I am trying to develop a method that can classify a given number of English words into 2 sets - "rare" and "general" - a link to how much they are used in the language.
The number of words that I would like to classify is limited - currently about 10,000 and includes everything from articles to personal nouns that can be borrowed from other languages (and therefore are classified as "rare"). I did a frequency analysis from the inside of the case, and I have a distribution of these words (ranging from 1 use to peaks around 100).
My intuition for such a system was to use word lists (for example, the word BNC frequency case, wordnet, the frequency of the internal case) and assign weight to its appearance in one of them.
For example, a word that has a mid-level frequency in the case (say 50), but appears in the list of words W -, can be considered common, since it is one of the most frequent in the whole language. My question is: what's the best way to create a weighted score for something like that? Should I go discrete or continuously?
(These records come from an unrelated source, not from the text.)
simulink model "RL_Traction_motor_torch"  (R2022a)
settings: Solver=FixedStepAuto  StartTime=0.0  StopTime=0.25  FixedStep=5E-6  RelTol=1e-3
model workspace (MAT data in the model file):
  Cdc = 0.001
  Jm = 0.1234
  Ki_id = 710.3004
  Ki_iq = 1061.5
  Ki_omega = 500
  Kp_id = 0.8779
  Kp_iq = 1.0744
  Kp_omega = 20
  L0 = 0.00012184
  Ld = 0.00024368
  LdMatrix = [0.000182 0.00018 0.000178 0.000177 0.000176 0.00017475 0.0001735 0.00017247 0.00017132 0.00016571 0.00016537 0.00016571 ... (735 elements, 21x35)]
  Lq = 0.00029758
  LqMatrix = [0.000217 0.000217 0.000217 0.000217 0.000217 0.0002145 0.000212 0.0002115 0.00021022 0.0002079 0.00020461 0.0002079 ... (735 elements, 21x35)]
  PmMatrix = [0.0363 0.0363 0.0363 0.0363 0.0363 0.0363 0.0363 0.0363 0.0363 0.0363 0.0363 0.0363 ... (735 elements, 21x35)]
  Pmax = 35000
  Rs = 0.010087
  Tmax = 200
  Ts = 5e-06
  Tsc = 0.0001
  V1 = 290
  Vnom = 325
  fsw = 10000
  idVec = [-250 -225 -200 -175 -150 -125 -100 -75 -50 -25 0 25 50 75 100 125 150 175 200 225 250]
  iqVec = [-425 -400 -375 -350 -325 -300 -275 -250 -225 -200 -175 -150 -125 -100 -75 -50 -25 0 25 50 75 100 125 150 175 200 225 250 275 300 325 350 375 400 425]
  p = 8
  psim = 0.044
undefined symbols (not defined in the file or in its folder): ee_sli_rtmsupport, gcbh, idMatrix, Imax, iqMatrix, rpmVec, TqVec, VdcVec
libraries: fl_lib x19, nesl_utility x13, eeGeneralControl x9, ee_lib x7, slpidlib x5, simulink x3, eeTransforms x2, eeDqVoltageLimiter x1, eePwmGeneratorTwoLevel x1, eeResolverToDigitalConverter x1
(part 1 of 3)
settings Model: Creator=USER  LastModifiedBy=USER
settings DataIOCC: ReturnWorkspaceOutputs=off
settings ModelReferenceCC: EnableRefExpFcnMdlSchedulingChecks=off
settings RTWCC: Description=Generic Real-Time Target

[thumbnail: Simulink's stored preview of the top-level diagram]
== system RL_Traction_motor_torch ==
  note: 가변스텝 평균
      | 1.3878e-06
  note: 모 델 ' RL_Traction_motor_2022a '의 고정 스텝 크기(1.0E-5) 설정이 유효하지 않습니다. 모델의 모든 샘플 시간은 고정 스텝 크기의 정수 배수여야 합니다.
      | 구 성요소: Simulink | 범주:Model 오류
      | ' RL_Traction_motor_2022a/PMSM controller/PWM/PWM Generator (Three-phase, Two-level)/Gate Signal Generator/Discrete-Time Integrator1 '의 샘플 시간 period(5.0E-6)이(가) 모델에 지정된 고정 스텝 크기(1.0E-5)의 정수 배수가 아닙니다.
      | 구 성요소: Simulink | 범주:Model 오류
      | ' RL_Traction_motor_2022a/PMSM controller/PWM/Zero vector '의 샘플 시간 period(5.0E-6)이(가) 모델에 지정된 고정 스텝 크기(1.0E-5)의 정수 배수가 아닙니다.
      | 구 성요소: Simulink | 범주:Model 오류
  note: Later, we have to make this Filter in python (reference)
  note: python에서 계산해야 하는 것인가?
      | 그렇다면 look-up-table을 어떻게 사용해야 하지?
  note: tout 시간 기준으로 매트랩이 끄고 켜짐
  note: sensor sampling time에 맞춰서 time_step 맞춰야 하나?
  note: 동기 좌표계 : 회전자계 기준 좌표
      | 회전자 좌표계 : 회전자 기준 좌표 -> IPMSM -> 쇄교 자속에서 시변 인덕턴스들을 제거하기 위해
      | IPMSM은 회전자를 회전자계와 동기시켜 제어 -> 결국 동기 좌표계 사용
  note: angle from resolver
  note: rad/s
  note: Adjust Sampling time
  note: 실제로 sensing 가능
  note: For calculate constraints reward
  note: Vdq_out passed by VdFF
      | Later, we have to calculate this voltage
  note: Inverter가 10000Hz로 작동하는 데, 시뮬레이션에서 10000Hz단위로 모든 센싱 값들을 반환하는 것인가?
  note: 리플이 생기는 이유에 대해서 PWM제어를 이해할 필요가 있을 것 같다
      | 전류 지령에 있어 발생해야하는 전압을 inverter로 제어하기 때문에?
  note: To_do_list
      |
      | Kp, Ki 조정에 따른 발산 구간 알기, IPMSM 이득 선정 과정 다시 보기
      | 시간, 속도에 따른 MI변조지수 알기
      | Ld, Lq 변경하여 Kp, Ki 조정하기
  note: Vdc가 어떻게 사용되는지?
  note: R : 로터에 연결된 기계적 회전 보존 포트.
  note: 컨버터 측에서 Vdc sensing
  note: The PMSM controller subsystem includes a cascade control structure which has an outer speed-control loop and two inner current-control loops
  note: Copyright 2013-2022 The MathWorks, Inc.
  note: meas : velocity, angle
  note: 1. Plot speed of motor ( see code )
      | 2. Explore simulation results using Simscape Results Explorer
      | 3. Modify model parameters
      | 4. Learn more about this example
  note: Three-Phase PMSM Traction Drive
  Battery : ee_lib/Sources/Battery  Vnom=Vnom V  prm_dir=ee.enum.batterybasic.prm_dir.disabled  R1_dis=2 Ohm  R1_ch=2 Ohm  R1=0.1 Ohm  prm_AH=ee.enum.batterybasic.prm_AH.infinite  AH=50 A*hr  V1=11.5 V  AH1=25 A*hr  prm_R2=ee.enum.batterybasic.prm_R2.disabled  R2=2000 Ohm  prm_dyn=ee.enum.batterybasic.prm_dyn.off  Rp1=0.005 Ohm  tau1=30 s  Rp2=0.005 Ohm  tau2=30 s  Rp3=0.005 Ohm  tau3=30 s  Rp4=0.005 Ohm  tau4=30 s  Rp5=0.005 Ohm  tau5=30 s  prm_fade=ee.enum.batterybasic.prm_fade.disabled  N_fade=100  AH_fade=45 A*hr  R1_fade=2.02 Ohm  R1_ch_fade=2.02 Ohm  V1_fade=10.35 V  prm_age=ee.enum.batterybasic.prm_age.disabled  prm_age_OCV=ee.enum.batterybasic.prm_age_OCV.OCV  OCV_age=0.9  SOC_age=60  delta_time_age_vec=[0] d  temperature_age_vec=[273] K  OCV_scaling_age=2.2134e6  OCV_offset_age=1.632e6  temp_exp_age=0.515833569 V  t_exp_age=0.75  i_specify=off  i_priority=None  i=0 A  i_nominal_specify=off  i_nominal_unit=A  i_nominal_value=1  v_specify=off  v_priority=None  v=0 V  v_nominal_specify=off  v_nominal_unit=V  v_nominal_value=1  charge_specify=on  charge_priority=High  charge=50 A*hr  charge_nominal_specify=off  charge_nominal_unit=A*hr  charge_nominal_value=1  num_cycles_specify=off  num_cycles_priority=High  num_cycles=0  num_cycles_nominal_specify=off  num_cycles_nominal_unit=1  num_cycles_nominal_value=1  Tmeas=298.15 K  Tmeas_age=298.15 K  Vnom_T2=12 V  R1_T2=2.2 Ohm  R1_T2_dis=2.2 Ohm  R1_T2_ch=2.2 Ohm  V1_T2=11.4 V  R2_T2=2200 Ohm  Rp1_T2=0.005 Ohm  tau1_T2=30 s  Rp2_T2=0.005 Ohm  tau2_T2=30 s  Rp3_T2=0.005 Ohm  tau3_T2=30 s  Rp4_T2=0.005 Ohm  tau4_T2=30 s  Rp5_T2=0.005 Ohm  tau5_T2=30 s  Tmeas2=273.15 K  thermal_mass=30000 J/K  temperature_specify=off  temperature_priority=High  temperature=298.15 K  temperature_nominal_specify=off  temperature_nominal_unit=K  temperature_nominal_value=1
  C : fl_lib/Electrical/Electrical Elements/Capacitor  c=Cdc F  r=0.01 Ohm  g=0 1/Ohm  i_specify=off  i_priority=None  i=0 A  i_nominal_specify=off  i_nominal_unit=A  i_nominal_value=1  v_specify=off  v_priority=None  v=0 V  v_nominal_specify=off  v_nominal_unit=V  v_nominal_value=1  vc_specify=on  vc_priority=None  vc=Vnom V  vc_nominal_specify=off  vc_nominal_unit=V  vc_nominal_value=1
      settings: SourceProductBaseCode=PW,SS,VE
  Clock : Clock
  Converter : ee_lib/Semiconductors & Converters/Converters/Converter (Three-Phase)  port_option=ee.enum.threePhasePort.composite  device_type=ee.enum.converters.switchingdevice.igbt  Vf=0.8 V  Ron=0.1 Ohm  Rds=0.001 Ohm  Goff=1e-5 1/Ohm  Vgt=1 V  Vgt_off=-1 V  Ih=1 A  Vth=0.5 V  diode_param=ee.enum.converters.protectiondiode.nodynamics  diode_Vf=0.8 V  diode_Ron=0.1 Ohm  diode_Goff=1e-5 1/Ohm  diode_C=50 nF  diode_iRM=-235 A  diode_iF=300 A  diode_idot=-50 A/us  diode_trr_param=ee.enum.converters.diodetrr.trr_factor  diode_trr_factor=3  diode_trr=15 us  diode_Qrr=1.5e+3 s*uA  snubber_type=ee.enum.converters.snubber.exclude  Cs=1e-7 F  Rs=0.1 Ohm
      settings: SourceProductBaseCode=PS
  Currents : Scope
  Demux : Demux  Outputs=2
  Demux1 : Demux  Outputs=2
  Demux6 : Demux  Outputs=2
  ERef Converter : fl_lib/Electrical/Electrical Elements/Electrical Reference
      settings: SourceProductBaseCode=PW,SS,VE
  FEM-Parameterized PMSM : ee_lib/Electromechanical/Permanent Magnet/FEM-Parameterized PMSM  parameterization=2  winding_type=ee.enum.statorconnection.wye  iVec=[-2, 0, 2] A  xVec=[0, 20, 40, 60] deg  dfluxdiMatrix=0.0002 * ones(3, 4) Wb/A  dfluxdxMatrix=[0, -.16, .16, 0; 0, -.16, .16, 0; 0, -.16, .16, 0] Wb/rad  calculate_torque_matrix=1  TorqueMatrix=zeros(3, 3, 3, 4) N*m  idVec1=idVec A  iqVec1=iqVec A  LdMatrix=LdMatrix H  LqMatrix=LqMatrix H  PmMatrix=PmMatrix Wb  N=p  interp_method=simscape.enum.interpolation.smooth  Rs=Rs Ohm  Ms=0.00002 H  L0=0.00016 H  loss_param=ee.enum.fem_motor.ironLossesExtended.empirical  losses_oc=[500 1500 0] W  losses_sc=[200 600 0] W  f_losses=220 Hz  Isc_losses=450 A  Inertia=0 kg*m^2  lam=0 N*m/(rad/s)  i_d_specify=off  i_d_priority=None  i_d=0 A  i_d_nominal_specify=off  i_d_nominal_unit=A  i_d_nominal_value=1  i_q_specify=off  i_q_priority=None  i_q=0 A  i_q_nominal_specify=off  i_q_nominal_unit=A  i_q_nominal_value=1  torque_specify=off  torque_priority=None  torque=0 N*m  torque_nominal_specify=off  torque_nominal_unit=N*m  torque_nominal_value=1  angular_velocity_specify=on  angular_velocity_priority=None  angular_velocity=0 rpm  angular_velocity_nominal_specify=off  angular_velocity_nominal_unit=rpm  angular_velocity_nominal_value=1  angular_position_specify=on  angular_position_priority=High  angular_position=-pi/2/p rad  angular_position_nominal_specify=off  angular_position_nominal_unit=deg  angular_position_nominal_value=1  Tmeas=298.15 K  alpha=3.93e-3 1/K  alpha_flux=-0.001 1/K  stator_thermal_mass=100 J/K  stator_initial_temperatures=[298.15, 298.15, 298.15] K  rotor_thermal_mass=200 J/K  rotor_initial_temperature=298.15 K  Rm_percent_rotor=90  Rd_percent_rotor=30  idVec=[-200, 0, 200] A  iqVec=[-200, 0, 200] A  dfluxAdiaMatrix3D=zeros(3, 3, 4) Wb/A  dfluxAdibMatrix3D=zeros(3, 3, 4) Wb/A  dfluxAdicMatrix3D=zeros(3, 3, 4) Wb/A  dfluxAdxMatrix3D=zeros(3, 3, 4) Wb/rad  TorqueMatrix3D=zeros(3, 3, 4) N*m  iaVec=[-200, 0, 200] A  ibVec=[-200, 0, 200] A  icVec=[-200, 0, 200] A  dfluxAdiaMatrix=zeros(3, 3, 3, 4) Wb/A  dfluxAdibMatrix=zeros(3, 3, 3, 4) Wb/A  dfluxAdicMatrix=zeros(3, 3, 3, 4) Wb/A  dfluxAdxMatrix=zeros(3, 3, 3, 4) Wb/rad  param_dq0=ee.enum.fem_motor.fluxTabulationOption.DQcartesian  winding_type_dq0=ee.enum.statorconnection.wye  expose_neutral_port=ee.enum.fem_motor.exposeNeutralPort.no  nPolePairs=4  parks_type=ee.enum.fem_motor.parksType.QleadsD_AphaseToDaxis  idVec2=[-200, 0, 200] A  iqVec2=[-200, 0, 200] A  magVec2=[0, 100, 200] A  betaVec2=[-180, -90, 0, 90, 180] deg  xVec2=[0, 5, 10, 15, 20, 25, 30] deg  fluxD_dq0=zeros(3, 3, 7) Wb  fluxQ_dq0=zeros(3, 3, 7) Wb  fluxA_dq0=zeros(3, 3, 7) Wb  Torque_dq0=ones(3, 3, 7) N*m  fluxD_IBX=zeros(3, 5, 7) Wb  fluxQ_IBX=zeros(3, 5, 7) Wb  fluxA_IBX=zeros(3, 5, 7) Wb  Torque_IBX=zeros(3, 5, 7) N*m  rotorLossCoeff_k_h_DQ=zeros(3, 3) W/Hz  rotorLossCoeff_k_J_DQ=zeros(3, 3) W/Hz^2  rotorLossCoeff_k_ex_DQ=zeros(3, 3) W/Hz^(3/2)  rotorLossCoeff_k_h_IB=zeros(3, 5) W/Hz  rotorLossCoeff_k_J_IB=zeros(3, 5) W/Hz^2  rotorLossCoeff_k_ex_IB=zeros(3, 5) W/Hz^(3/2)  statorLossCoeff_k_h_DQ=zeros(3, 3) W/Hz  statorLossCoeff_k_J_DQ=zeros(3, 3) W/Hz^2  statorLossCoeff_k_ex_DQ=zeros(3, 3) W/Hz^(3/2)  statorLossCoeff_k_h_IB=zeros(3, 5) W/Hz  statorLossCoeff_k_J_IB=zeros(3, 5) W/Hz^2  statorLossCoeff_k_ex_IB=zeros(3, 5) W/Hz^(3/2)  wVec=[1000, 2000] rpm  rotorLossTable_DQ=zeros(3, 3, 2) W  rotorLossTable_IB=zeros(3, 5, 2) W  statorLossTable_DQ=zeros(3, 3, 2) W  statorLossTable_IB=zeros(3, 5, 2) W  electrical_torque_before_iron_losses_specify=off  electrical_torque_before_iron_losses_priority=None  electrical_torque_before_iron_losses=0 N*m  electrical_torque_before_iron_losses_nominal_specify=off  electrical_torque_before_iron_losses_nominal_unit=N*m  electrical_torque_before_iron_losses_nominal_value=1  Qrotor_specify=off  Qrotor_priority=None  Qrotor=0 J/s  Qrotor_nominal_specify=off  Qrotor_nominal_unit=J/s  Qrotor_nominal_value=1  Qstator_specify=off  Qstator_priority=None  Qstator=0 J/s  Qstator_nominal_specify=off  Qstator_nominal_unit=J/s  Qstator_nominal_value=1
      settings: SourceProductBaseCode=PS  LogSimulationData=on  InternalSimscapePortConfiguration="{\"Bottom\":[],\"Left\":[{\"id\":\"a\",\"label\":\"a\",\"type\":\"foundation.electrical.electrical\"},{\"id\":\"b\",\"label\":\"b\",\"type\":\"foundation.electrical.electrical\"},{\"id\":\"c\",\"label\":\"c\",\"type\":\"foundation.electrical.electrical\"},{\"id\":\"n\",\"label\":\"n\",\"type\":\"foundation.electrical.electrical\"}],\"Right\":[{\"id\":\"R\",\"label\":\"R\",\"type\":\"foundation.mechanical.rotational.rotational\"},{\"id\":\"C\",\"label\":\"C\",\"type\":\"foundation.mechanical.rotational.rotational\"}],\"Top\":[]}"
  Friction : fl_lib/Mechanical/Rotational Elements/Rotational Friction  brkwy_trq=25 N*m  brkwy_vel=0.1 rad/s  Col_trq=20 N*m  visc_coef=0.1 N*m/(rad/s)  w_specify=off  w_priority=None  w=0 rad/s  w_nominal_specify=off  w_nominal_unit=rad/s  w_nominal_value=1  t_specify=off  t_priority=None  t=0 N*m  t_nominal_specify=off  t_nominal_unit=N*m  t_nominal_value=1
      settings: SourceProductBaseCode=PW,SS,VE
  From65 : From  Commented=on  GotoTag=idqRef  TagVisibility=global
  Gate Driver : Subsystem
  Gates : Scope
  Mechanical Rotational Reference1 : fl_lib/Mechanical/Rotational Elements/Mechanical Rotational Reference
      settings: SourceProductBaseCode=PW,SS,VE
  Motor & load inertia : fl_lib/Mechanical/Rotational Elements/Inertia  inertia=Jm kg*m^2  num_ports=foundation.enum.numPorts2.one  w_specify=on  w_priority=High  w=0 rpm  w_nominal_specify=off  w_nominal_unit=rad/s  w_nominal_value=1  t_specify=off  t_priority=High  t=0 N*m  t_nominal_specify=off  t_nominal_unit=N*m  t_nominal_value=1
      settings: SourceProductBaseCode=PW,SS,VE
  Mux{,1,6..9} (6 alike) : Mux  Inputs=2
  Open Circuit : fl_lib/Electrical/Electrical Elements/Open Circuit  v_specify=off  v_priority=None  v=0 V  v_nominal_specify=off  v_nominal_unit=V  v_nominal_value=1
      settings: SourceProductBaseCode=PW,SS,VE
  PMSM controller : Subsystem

In any case, which classification system will work best for this?
Or do you recommend an alternative method?
Thanks!
EDIT:
To answer Vinko’s question about the intended use of classification -
These words are indicated by a phrase (for example, the name of a book) - and the goal is to figure out a strategy for creating a search query string for a phrase, searching for text in the text. The query string can support several parameters, such as proximity, etc. - therefore, if the word is common, these parameters can be changed.
To answer Igor’s question -
(1) how big is your case? Currently, the list is limited to 10 thousand tokens, but this is just a training set. It can rise to a few 100 thousand as soon as I start testing it on a test suite.
2) do you have any expected share of common / rare words in the corpus? Hmm, I do not.